In the entries that follow, the line with "Gain4 : Gain" opens the range and the line with "Step : Step" closes it; repeat that range exactly, both lines included.

[Items listed in a dataset]
-=-=-

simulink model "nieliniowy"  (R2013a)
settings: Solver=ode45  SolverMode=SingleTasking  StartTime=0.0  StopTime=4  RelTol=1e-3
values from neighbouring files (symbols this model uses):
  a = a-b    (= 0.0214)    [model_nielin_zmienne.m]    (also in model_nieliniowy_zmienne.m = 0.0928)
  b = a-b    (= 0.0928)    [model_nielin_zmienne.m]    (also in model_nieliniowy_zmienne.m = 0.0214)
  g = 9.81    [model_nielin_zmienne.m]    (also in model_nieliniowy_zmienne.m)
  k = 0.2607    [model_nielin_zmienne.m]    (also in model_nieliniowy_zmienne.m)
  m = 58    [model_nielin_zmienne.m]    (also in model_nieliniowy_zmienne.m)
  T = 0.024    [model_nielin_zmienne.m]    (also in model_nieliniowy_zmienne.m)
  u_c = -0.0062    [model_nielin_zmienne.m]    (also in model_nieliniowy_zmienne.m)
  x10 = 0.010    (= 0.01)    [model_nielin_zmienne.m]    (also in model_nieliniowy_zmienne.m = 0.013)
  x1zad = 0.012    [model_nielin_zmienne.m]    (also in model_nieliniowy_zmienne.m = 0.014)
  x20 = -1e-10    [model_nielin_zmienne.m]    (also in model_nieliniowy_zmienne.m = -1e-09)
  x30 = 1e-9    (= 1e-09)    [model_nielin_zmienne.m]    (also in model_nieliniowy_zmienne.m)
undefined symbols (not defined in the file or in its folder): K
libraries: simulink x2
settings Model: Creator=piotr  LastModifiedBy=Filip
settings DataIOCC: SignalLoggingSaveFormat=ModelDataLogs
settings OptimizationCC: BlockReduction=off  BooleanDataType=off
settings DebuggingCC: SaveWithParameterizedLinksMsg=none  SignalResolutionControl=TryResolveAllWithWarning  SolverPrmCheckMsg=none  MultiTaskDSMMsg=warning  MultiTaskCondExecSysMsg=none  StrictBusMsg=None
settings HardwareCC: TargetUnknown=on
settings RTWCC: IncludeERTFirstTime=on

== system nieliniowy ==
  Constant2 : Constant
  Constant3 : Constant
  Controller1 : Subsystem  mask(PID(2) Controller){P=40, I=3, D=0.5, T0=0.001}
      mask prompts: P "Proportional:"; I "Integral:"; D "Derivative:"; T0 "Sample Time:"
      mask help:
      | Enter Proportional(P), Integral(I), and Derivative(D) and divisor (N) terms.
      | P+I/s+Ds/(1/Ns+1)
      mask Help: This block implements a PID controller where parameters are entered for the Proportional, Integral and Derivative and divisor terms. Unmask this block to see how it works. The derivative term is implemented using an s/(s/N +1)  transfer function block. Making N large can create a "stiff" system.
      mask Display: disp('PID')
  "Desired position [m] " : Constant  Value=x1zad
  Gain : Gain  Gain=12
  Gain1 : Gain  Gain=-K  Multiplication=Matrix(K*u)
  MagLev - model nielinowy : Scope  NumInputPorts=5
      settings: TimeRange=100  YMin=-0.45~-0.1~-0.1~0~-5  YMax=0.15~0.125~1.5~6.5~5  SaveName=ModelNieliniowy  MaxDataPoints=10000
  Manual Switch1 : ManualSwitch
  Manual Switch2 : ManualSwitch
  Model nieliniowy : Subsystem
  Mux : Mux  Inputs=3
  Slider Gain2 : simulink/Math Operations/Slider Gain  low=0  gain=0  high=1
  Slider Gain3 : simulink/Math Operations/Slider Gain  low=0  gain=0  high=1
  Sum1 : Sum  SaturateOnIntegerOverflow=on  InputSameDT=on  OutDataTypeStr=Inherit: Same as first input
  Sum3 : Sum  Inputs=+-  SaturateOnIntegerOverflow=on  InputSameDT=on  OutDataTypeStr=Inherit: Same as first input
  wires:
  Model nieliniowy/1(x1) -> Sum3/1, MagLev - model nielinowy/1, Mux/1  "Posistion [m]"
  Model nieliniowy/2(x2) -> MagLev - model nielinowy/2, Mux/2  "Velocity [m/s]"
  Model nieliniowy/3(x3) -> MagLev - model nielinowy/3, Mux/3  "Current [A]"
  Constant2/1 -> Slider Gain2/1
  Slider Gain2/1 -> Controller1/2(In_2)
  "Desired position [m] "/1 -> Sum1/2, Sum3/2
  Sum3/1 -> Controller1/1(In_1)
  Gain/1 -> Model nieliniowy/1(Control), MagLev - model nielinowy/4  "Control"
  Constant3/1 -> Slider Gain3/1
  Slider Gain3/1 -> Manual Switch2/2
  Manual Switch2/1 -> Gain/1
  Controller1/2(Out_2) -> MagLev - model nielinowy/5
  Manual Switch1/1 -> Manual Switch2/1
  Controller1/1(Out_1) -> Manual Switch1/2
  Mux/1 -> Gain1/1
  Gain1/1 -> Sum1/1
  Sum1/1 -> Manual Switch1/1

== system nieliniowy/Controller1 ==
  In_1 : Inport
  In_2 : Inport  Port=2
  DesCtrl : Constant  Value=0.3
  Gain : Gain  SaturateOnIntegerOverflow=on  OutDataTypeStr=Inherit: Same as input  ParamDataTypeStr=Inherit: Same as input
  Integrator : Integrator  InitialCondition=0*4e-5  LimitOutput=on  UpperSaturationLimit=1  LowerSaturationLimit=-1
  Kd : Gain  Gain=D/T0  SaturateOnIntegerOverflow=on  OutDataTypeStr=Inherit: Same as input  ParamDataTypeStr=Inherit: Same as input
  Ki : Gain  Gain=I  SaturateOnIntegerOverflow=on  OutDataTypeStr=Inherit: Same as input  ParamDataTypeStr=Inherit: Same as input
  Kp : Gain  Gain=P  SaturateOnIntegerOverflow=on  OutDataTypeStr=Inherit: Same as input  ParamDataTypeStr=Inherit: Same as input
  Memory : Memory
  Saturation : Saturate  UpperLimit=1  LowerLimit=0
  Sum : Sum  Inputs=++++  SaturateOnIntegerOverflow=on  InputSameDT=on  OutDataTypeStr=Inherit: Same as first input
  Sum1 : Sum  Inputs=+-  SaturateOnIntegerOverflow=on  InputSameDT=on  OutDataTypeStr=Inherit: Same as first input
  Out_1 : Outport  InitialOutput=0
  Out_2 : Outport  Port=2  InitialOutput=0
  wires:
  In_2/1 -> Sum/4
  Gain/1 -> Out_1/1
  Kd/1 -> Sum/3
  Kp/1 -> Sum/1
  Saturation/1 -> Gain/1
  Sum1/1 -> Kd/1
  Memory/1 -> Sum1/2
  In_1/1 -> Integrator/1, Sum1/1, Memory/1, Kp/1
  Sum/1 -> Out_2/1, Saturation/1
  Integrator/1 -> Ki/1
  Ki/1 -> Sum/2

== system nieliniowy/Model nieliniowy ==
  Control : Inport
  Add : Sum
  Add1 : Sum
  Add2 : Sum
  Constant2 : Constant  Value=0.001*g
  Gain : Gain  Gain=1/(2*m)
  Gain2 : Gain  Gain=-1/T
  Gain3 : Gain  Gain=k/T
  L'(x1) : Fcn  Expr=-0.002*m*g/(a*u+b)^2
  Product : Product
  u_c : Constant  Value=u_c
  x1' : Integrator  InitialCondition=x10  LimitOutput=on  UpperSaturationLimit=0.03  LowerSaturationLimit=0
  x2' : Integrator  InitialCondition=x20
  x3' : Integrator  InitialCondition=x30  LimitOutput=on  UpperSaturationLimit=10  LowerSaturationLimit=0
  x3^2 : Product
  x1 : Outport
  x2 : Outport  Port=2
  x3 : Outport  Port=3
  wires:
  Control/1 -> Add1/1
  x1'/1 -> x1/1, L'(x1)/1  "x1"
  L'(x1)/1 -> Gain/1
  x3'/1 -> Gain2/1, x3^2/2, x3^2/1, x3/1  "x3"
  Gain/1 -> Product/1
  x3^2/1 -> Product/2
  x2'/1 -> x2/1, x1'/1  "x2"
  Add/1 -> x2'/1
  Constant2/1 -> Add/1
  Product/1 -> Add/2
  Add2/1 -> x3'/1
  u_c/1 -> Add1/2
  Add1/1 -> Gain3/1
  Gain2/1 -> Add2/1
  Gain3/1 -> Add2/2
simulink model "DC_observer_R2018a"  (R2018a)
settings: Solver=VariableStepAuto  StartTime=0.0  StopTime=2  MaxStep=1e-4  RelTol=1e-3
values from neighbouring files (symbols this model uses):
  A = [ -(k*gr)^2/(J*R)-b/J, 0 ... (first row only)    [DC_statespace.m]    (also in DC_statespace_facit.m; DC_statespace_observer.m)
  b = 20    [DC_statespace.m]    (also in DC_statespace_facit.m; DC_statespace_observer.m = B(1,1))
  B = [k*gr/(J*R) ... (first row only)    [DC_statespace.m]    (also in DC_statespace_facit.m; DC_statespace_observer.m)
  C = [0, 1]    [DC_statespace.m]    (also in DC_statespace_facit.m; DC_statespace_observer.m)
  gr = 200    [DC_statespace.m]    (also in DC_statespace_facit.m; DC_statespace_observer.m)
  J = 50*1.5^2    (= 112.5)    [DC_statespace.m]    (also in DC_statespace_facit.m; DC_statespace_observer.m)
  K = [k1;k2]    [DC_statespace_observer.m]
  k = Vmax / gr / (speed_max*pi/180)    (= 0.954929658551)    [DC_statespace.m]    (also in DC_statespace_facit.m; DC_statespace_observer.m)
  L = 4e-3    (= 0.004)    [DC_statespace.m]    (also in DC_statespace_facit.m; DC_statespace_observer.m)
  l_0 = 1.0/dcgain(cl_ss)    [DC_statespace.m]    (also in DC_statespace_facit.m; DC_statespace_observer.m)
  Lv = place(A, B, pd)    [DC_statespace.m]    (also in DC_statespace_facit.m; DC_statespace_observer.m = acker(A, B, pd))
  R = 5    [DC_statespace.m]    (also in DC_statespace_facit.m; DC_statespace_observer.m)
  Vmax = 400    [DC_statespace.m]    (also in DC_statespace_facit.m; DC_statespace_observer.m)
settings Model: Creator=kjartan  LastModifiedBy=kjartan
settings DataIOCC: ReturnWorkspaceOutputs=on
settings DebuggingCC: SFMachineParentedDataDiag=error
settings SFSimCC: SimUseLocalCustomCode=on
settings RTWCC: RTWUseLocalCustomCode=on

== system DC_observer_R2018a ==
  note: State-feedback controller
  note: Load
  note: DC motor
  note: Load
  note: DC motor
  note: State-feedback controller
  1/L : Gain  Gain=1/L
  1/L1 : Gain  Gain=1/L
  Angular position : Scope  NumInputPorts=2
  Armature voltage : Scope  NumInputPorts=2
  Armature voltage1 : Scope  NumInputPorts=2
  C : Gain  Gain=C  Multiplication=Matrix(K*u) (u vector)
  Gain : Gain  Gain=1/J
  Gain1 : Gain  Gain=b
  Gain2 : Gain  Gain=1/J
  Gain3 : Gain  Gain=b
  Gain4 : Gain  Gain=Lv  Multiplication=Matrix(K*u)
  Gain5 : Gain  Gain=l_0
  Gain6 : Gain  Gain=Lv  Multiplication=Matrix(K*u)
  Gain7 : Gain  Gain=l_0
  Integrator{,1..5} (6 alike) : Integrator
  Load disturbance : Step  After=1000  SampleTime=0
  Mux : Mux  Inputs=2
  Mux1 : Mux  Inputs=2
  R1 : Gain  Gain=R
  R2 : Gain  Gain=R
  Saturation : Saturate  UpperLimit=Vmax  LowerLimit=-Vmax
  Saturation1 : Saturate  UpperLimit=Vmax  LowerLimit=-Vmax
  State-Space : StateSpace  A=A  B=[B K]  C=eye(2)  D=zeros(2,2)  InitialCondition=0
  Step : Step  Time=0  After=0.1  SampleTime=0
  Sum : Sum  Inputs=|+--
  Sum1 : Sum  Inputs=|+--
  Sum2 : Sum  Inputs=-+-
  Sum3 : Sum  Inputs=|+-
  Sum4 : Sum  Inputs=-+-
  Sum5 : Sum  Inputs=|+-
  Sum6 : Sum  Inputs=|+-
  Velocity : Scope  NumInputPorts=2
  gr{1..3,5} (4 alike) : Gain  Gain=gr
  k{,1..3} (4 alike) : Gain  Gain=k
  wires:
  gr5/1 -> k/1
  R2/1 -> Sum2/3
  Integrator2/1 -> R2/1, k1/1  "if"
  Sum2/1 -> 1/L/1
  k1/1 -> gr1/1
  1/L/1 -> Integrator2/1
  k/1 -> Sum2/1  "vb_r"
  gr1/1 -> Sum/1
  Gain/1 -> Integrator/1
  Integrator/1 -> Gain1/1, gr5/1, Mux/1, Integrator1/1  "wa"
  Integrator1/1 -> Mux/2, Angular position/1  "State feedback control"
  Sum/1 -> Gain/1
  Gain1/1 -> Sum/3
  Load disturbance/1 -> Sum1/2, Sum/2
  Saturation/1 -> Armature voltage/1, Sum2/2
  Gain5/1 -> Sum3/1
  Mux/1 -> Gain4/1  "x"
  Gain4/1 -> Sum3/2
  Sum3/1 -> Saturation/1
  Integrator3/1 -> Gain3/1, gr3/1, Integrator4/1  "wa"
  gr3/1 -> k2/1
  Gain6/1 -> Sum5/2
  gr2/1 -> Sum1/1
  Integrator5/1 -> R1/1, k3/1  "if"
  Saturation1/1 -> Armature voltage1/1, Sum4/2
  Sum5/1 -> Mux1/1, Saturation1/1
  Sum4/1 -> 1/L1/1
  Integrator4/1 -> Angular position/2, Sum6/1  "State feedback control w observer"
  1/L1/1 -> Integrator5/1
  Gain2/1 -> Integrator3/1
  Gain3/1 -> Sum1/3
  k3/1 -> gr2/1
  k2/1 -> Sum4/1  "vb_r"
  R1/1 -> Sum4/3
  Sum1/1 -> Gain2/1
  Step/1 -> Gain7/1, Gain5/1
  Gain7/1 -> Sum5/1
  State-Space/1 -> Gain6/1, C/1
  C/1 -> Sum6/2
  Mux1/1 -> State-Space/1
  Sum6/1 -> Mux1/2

-=-=-

» **Solution for this exercise**
  Gain4 : Gain  Gain=Lv  Multiplication=Matrix(K*u)
  Gain5 : Gain  Gain=l_0
  Gain6 : Gain  Gain=Lv  Multiplication=Matrix(K*u)
  Gain7 : Gain  Gain=l_0
  Integrator{,1..5} (6 alike) : Integrator
  Load disturbance : Step  After=1000  SampleTime=0
  Mux : Mux  Inputs=2
  Mux1 : Mux  Inputs=2
  R1 : Gain  Gain=R
  R2 : Gain  Gain=R
  Saturation : Saturate  UpperLimit=Vmax  LowerLimit=-Vmax
  Saturation1 : Saturate  UpperLimit=Vmax  LowerLimit=-Vmax
  State-Space : StateSpace  A=A  B=[B K]  C=eye(2)  D=zeros(2,2)  InitialCondition=0
  Step : Step  Time=0  After=0.1  SampleTime=0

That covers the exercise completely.